We would love to go to a rally, but because we need to get an evening ferry , we can't make the English ones


----------



## clianthus (Jul 8, 2006)

Hi adbe

There isn't anything in the pipeline at the moment as far as I know, sorry.

Unfortuneately we only have one Rally Co-ordinator in Scotland - carolgavin. 

She did a rally recently but it is a huge area for one person to cover so if you have any ideas for meets or rallies please contact her or perhaps you would consider organising something yourself?


----------



## whistlinggypsy (May 1, 2005)

adbe, have a go at a meet for the first time, just tell people where you will be on a given weekend and ask if anyone wants to join you, its very informal and without the constraints of running a rally.

You can always join in with carolgavin and arrange a proper rally, the problem these days are that folk are reluctant to travel hundreds of miles for a weekend because the cost of the fuel, so maybe a week or fortnight rally sometime next year may be the answer.

Regards

Bob


----------



## carolgavin (May 9, 2005)

adbe said:


> We would love to go to a rally, but because we need to get an evening ferry , we can't make the English ones


Hiya adbe, had hoped to organise a rally this summer but unfortunately with no van its a bit difficult    We have no idea when (or if!) we will have a van we can use again so untill then rallies are aff!! Unless of course another scottish member would like to organise one..............over to you!!!!!


----------



## clubman (Sep 3, 2007)

*scottish rallies*

G to the scottmcc.org site, if you are a member, there are about a dozen rallies every year including xmas and new year ones.

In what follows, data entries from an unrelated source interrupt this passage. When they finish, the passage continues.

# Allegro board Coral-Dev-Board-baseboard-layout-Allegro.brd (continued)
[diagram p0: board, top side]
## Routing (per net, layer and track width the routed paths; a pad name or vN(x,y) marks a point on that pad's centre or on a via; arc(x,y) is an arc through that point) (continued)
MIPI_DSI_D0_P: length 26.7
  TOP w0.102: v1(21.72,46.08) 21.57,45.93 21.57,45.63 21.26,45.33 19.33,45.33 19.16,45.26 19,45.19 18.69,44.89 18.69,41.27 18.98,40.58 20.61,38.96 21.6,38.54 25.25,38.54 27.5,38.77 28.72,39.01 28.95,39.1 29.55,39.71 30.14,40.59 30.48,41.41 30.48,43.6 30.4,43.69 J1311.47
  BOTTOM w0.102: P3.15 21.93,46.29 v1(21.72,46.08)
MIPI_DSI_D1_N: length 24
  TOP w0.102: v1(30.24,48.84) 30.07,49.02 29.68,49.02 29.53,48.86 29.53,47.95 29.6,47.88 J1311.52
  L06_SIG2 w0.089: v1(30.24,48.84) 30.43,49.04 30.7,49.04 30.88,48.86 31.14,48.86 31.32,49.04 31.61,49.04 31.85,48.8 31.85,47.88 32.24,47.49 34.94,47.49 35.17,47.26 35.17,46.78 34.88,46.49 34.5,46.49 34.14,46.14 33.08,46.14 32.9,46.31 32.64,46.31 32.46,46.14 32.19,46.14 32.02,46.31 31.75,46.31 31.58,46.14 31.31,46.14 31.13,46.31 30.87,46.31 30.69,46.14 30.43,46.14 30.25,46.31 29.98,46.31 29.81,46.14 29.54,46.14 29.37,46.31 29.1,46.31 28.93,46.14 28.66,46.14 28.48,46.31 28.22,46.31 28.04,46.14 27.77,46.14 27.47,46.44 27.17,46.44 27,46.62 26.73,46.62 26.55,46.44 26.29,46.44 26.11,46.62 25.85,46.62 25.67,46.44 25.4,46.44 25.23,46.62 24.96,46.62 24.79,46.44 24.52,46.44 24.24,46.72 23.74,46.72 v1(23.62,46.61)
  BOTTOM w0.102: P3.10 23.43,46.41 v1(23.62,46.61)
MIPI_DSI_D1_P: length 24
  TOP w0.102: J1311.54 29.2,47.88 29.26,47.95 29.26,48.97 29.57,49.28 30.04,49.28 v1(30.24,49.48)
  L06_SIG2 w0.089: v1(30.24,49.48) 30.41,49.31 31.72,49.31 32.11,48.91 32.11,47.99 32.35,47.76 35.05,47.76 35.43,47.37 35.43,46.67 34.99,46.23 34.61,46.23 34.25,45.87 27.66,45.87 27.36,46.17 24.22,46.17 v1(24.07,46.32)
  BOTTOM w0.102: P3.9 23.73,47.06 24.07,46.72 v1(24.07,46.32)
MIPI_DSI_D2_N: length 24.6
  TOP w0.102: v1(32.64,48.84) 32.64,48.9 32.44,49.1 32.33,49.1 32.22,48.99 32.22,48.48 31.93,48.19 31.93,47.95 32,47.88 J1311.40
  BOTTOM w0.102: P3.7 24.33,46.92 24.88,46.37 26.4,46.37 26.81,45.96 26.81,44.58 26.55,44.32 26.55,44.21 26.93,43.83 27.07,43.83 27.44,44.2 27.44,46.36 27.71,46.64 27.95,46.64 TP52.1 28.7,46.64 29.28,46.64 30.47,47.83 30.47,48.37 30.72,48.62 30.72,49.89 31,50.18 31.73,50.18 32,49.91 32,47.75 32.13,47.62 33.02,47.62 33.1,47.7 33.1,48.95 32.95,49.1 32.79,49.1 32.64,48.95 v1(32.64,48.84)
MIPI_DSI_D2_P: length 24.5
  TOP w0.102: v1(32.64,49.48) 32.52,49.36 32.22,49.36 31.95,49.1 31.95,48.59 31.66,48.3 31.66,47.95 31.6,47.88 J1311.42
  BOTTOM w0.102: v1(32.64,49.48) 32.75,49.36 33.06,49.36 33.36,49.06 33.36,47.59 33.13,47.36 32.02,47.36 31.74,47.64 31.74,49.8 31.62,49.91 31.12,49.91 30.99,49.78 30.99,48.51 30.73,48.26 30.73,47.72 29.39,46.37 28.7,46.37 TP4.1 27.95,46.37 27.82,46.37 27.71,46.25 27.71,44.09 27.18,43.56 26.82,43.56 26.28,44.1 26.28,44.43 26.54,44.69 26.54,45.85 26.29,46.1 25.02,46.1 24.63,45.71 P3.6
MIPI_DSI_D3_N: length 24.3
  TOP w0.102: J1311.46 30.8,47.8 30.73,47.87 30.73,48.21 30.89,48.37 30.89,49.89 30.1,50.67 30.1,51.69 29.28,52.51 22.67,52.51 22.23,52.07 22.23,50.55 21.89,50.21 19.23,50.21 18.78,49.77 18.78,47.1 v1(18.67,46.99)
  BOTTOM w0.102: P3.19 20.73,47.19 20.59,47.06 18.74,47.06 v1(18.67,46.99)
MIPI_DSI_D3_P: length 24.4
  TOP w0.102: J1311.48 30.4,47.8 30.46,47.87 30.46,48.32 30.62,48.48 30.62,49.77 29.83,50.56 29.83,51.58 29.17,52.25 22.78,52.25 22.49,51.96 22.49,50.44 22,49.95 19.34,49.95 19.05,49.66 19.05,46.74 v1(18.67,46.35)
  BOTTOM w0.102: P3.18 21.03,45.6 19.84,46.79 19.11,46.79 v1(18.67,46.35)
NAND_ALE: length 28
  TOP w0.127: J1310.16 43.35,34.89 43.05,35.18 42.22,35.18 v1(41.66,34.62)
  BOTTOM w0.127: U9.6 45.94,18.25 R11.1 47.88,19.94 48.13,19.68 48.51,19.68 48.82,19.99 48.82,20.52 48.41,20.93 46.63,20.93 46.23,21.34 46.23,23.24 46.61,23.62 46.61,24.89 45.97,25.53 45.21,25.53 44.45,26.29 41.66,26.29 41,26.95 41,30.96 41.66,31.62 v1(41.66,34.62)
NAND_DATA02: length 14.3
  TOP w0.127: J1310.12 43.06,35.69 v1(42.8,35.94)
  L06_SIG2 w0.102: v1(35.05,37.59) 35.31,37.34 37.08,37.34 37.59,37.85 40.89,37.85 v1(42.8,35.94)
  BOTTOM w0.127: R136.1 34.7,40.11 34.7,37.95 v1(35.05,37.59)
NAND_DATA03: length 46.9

The next will be at Crieff in Perthshire next weekend, maybe see you there ? The initals stand for the Scottish Motor Caravanners Club which has been around for years.


----------



## adbe (May 1, 2005)

Clianthus, Carolgavin, Whistlinggipsy, Clubman. Many thanks to all for suggestions.
I fell about when arranging a rally was suggested! organisation is definitely not my forte. I would help at anything, but leave running and organisation to experts. It is a great idea to go and see how a rally goes- and yes, we are members of the Scottish group- I had forgotten.Will check their dates against the offduty rota.He is off for the whole summer
Part of it is, of course nosiness,seeing all your comments on here, putting names to faces.


----------



## carolgavin (May 9, 2005)

adbe said:


> Part of it is, of course nosiness,seeing all your comments on here, putting names to faces.


You is my kinda wummin      Am liking your style muchly!! Where do you stay could meet up without mohos


----------